Are these idiosyncratic examples, or do they reflect a broader pattern? To test our hypothesis that migration patterns drive universal jurisdiction cases, we examined how many migrants moved to each state, along with the characteristics of their home state. We found that a receiving state that received larger numbers of immigrants from a specific sending state tended to have more universal jurisdiction cases against nationals from that sending state. This relationship was especially strong for migrants from home states with a long history of human rights abuses.  In addition, we found that universal jurisdiction cases are unlikely to be launched against a state’s military allies.  Our statistical analysis controlled for numerous alternative explanations, including colonial relationships and the economic capacity of states.

Universal Jurisdiction as a Tool for Justice Remittances

Migration scholars have long recognized the diverse economic, social, and political effects of migration on the sending state.
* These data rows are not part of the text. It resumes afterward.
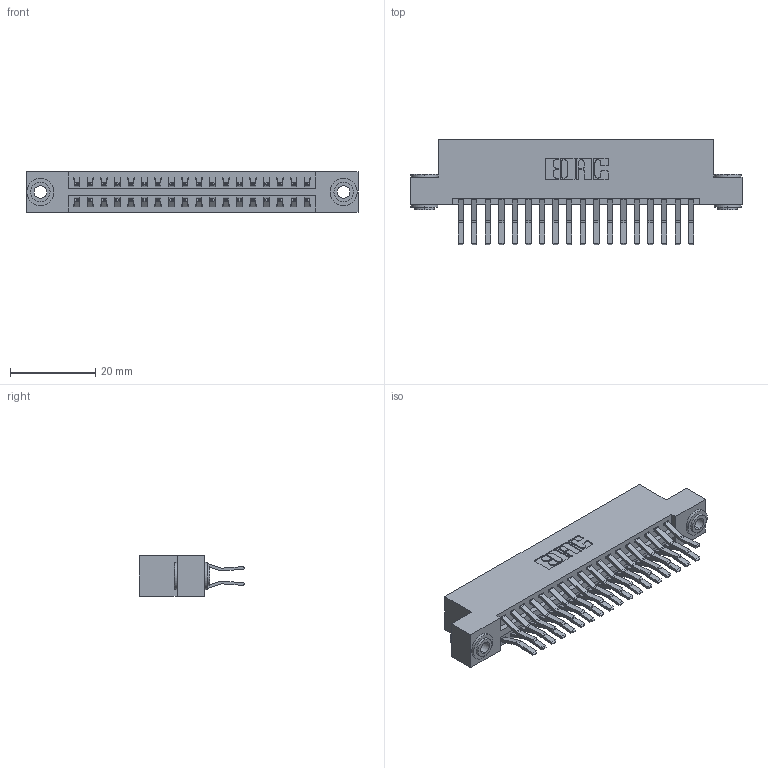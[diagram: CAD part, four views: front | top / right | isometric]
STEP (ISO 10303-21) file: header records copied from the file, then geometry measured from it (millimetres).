
FILE_DESCRIPTION (( 'STEP AP203' ), '1' );
FILE_NAME ('346-036-560-203.STEP', '2022-05-19T22:36:53', ( '' ), ( '' ), 'SwSTEP 2.0', 'SolidWorks 2020', '' );
FILE_SCHEMA (( 'CONFIG_CONTROL_DESIGN' ));
Length unit declared in the file: inch
Products named in the file (4): 346-036-560-203; 346 Part_Flush Mounting Lugs - 0.156 Dia-TH; 345-250-002_345-250-002-102; 345-292-001_560 Tail
Assembly tree (39 placements, depth 2):
  346-036-560-203
    346 Part_Flush Mounting Lugs - 0.156 Dia-TH
    345-292-001_560 Tail  x36
    345-250-002_345-250-002-102  x2
Bounding box: 77.72 x 24.78 x 9.4 mm (x, y, z)
Volume: 7629.9 mm3; surface area: 10988.9 mm2
Topology: 39 solids, 39 shells, 2118 faces, 6237 edges, 4106 vertices
Faces by surface type: plane 1360, cylinder 750, cone 8
Entity records: 16132 total; most frequent: CARTESIAN_POINT 2673, ORIENTED_EDGE 2598, DIRECTION 2441, EDGE_CURVE 1299, VECTOR 1067, LINE 1067, VERTEX_POINT 862, AXIS2_PLACEMENT_3D 687
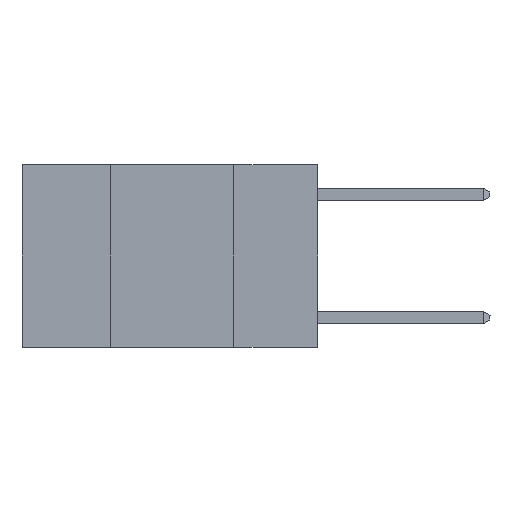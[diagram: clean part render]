
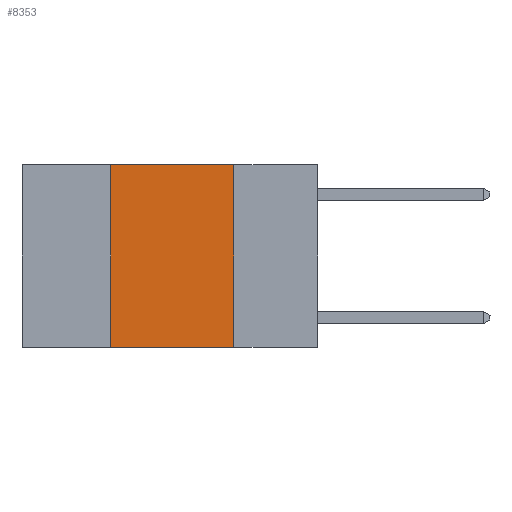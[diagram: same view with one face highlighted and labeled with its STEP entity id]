
A CAD part, left-side view. The second image highlights one B-rep face of the part: STEP entity #8353.
In plain terms, the highlighted planar face has unit normal (-1, 0, 0).
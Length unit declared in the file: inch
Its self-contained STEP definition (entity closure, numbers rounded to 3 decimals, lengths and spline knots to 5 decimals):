
#411 = DIRECTION ( 'NONE',  ( 0., 0., 1. ) ) ;
#475 = CARTESIAN_POINT ( 'NONE',  ( 0., 0.17, 0. ) ) ;
#566 = ORIENTED_EDGE ( 'NONE', *, *, #9065, .F. ) ;
#599 = ORIENTED_EDGE ( 'NONE', *, *, #6265, .F. ) ;
#605 = CARTESIAN_POINT ( 'NONE',  ( 0., 0.42, -0.37 ) ) ;
#621 = ORIENTED_EDGE ( 'NONE', *, *, #1866, .F. ) ;
#630 = ORIENTED_EDGE ( 'NONE', *, *, #4735, .T. ) ;
#649 = VERTEX_POINT ( 'NONE', #5038 ) ;
#875 = VERTEX_POINT ( 'NONE', #7460 ) ;
#1864 = VECTOR ( 'NONE', #6197, 39.37008 ) ;
#1866 = EDGE_CURVE ( 'NONE', #4778, #875, #7001, .T. ) ;
#2071 = CARTESIAN_POINT ( 'NONE',  ( 0., 0.17, -0.37 ) ) ;
#2261 = FACE_OUTER_BOUND ( 'NONE', #6984, .T. ) ;
#3211 = DIRECTION ( 'NONE',  ( 0., -1., 0. ) ) ;
#3994 = LINE ( 'NONE', #5712, #10507 ) ;
#4597 = DIRECTION ( 'NONE',  ( 1., 0., 0. ) ) ;
#4735 = EDGE_CURVE ( 'NONE', #4778, #8358, #3994, .T. ) ;
#4778 = VERTEX_POINT ( 'NONE', #605 ) ;
#5038 = CARTESIAN_POINT ( 'NONE',  ( 0., 0.17, 0. ) ) ;
#5364 = CARTESIAN_POINT ( 'NONE',  ( 0., 0.42, 0. ) ) ;
#5638 = LINE ( 'NONE', #7509, #7287 ) ;
#5712 = CARTESIAN_POINT ( 'NONE',  ( 0., 0.6, -0.37 ) ) ;
#6134 = PLANE ( 'NONE',  #8129 ) ;
#6197 = DIRECTION ( 'NONE',  ( 0., 0., -1. ) ) ;
#6265 = EDGE_CURVE ( 'NONE', #875, #649, #5638, .T. ) ;
#6984 = EDGE_LOOP ( 'NONE', ( #566, #599, #621, #630 ) ) ;
#7001 = LINE ( 'NONE', #5364, #9189 ) ;
#7287 = VECTOR ( 'NONE', #8338, 39.37008 ) ;
#7460 = CARTESIAN_POINT ( 'NONE',  ( 0., 0.42, 0. ) ) ;
#7509 = CARTESIAN_POINT ( 'NONE',  ( 0., 0.6, 0. ) ) ;
#8129 = AXIS2_PLACEMENT_3D ( 'NONE', #9497, #4597, #10304 ) ;
#8338 = DIRECTION ( 'NONE',  ( 0., -1., 0. ) ) ;
#8353 = ADVANCED_FACE ( 'NONE', ( #2261 ), #6134, .F. ) ;
#8358 = VERTEX_POINT ( 'NONE', #2071 ) ;
#9065 = EDGE_CURVE ( 'NONE', #649, #8358, #10282, .T. ) ;
#9189 = VECTOR ( 'NONE', #411, 39.37008 ) ;
#9497 = CARTESIAN_POINT ( 'NONE',  ( 0., 0.6, 0. ) ) ;
#10282 = LINE ( 'NONE', #475, #1864 ) ;
#10304 = DIRECTION ( 'NONE',  ( 0., 0., -1. ) ) ;
#10507 = VECTOR ( 'NONE', #3211, 39.37008 ) ;
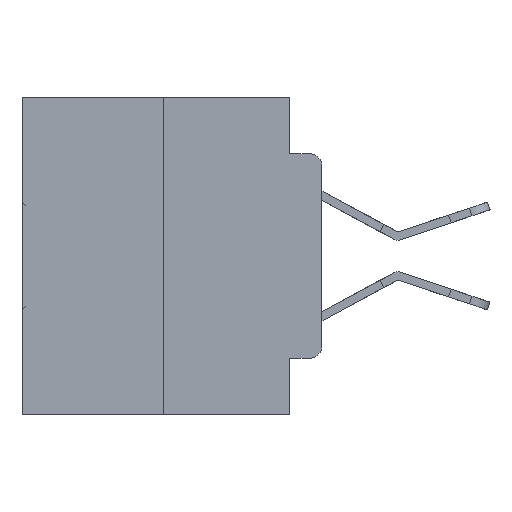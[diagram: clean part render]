
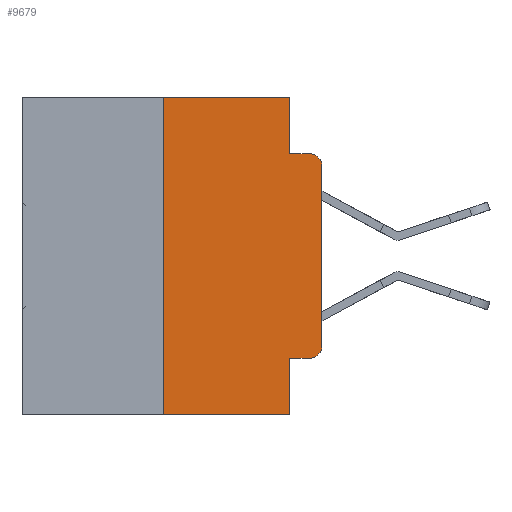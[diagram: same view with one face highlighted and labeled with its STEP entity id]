
A CAD part, left-side view. The second image highlights one B-rep face of the part: STEP entity #9679.
In plain terms, the highlighted planar face has unit normal (-1, 0, 0).
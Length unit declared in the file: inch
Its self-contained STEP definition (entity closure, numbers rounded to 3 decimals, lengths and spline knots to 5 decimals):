
#649 = DIRECTION ( 'NONE',  ( 0., 0., -1. ) ) ;
#673 = LINE ( 'NONE', #12295, #33208 ) ;
#1726 = CARTESIAN_POINT ( 'NONE',  ( 0., 0., -0.3915 ) ) ;
#2409 = DIRECTION ( 'NONE',  ( 0., -1., 0. ) ) ;
#2543 = VERTEX_POINT ( 'NONE', #12481 ) ;
#2717 = VECTOR ( 'NONE', #28232, 39.37008 ) ;
#3914 = CARTESIAN_POINT ( 'NONE',  ( 0., 0.25, 0. ) ) ;
#3951 = AXIS2_PLACEMENT_3D ( 'NONE', #24361, #7843, #7765 ) ;
#4129 = DIRECTION ( 'NONE',  ( 0., 0., -1. ) ) ;
#4152 = ORIENTED_EDGE ( 'NONE', *, *, #25823, .T. ) ;
#4455 = CARTESIAN_POINT ( 'NONE',  ( 0., 0.02, -0.3915 ) ) ;
#5153 = CARTESIAN_POINT ( 'NONE',  ( 0., 0.051, -0.0885 ) ) ;
#5564 = AXIS2_PLACEMENT_3D ( 'NONE', #4455, #22592, #7119 ) ;
#6173 = CARTESIAN_POINT ( 'NONE',  ( 0., 0., 0. ) ) ;
#6224 = DIRECTION ( 'NONE',  ( 0., 0., 1. ) ) ;
#6466 = EDGE_CURVE ( 'NONE', #22455, #2543, #7816, .T. ) ;
#6544 = VERTEX_POINT ( 'NONE', #9907 ) ;
#6599 = DIRECTION ( 'NONE',  ( 0., 0., 1. ) ) ;
#6812 = EDGE_LOOP ( 'NONE', ( #33045, #32894, #26418, #21345, #31892, #26824, #8894, #28411, #4152, #11352 ) ) ;
#7119 = DIRECTION ( 'NONE',  ( 0., 0., -1. ) ) ;
#7765 = DIRECTION ( 'NONE',  ( 0., 0., -1. ) ) ;
#7779 = CARTESIAN_POINT ( 'NONE',  ( 0., 0.051, -0.4115 ) ) ;
#7816 = CIRCLE ( 'NONE', #3951, 0.02 ) ;
#7843 = DIRECTION ( 'NONE',  ( -1., 0., 0. ) ) ;
#8721 = EDGE_CURVE ( 'NONE', #15994, #22455, #17850, .T. ) ;
#8894 = ORIENTED_EDGE ( 'NONE', *, *, #17376, .T. ) ;
#9679 = ADVANCED_FACE ( 'NONE', ( #24480 ), #24001, .F. ) ;
#9818 = LINE ( 'NONE', #5153, #2717 ) ;
#9907 = CARTESIAN_POINT ( 'NONE',  ( 0., 0.02, -0.4115 ) ) ;
#10256 = CARTESIAN_POINT ( 'NONE',  ( 0., 0.473, -0.5 ) ) ;
#10418 = DIRECTION ( 'NONE',  ( 0., 0., -1. ) ) ;
#10502 = EDGE_CURVE ( 'NONE', #32054, #12342, #673, .T. ) ;
#11352 = ORIENTED_EDGE ( 'NONE', *, *, #27513, .T. ) ;
#12175 = VECTOR ( 'NONE', #10418, 39.37008 ) ;
#12295 = CARTESIAN_POINT ( 'NONE',  ( 0., 0.051, 0. ) ) ;
#12342 = VERTEX_POINT ( 'NONE', #31301 ) ;
#12481 = CARTESIAN_POINT ( 'NONE',  ( 0., 0.02, -0.0885 ) ) ;
#12552 = VERTEX_POINT ( 'NONE', #29683 ) ;
#13045 = CARTESIAN_POINT ( 'NONE',  ( 0., 0.051, 0. ) ) ;
#13136 = LINE ( 'NONE', #10256, #19099 ) ;
#14087 = VECTOR ( 'NONE', #2409, 39.37008 ) ;
#14898 = LINE ( 'NONE', #7779, #14087 ) ;
#15283 = LINE ( 'NONE', #3914, #21198 ) ;
#15430 = VERTEX_POINT ( 'NONE', #30311 ) ;
#15994 = VERTEX_POINT ( 'NONE', #1726 ) ;
#16478 = DIRECTION ( 'NONE',  ( 1., 0., 0. ) ) ;
#17376 = EDGE_CURVE ( 'NONE', #15430, #21886, #13136, .T. ) ;
#17442 = EDGE_CURVE ( 'NONE', #12342, #2543, #9818, .T. ) ;
#17850 = LINE ( 'NONE', #6173, #29576 ) ;
#18057 = DIRECTION ( 'NONE',  ( 0., -1., 0. ) ) ;
#19099 = VECTOR ( 'NONE', #28024, 39.37008 ) ;
#19122 = EDGE_CURVE ( 'NONE', #24148, #21886, #31469, .T. ) ;
#20792 = EDGE_CURVE ( 'NONE', #15430, #12552, #15283, .T. ) ;
#21198 = VECTOR ( 'NONE', #6599, 39.37008 ) ;
#21249 = CARTESIAN_POINT ( 'NONE',  ( 0., 0.051, -0.5 ) ) ;
#21345 = ORIENTED_EDGE ( 'NONE', *, *, #10502, .F. ) ;
#21444 = CARTESIAN_POINT ( 'NONE',  ( 0., 0.473, 0. ) ) ;
#21886 = VERTEX_POINT ( 'NONE', #21249 ) ;
#22455 = VERTEX_POINT ( 'NONE', #30815 ) ;
#22592 = DIRECTION ( 'NONE',  ( -1., 0., 0. ) ) ;
#24001 = PLANE ( 'NONE',  #32493 ) ;
#24078 = LINE ( 'NONE', #33001, #29895 ) ;
#24148 = VERTEX_POINT ( 'NONE', #30890 ) ;
#24361 = CARTESIAN_POINT ( 'NONE',  ( 0., 0.02, -0.1085 ) ) ;
#24480 = FACE_OUTER_BOUND ( 'NONE', #6812, .T. ) ;
#24659 = CIRCLE ( 'NONE', #5564, 0.02 ) ;
#25638 = CARTESIAN_POINT ( 'NONE',  ( 0., 0.051, 0. ) ) ;
#25823 = EDGE_CURVE ( 'NONE', #24148, #6544, #14898, .T. ) ;
#26418 = ORIENTED_EDGE ( 'NONE', *, *, #17442, .F. ) ;
#26824 = ORIENTED_EDGE ( 'NONE', *, *, #20792, .F. ) ;
#27513 = EDGE_CURVE ( 'NONE', #6544, #15994, #24659, .T. ) ;
#28024 = DIRECTION ( 'NONE',  ( 0., -1., 0. ) ) ;
#28232 = DIRECTION ( 'NONE',  ( 0., -1., 0. ) ) ;
#28411 = ORIENTED_EDGE ( 'NONE', *, *, #19122, .F. ) ;
#29576 = VECTOR ( 'NONE', #6224, 39.37008 ) ;
#29683 = CARTESIAN_POINT ( 'NONE',  ( 0., 0.25, 0. ) ) ;
#29895 = VECTOR ( 'NONE', #18057, 39.37008 ) ;
#30221 = EDGE_CURVE ( 'NONE', #12552, #32054, #24078, .T. ) ;
#30311 = CARTESIAN_POINT ( 'NONE',  ( 0., 0.25, -0.5 ) ) ;
#30815 = CARTESIAN_POINT ( 'NONE',  ( 0., 0., -0.1085 ) ) ;
#30890 = CARTESIAN_POINT ( 'NONE',  ( 0., 0.051, -0.4115 ) ) ;
#31301 = CARTESIAN_POINT ( 'NONE',  ( 0., 0.051, -0.0885 ) ) ;
#31469 = LINE ( 'NONE', #25638, #12175 ) ;
#31892 = ORIENTED_EDGE ( 'NONE', *, *, #30221, .F. ) ;
#32054 = VERTEX_POINT ( 'NONE', #13045 ) ;
#32493 = AXIS2_PLACEMENT_3D ( 'NONE', #21444, #16478, #649 ) ;
#32894 = ORIENTED_EDGE ( 'NONE', *, *, #6466, .T. ) ;
#33001 = CARTESIAN_POINT ( 'NONE',  ( 0., 0.473, 0. ) ) ;
#33045 = ORIENTED_EDGE ( 'NONE', *, *, #8721, .T. ) ;
#33208 = VECTOR ( 'NONE', #4129, 39.37008 ) ;

Migrants do not break ties with their home country, but instead serve as conduits between their home and host nations.  They create trade ties and increase investment by providing knowledge of opportunities between the two states and creating trust.  They also send money back home, what are known as remittances, to the tune of almost $600 billion in 2021, which provide a critical safety net for millions.  It’s not just money or knowledge of deals that are passed by migrants; Peggy Levitt coined the term “social remittances” to describe the information about different government structures, corruption, and politics and different norms of behavior passed from migrants to their friends and family back home. These social remittances can help foster democratization. 

Our interdisciplinary research suggests that the principle of universal jurisdiction allows another form of transnationalism: justice remittances.  Migrants bring awareness and evidence of a crime, create the political pressure needed to move cases forward, and in some cases even bring the case themselves. When justice is not possible at home, migrants serve as agents of justice.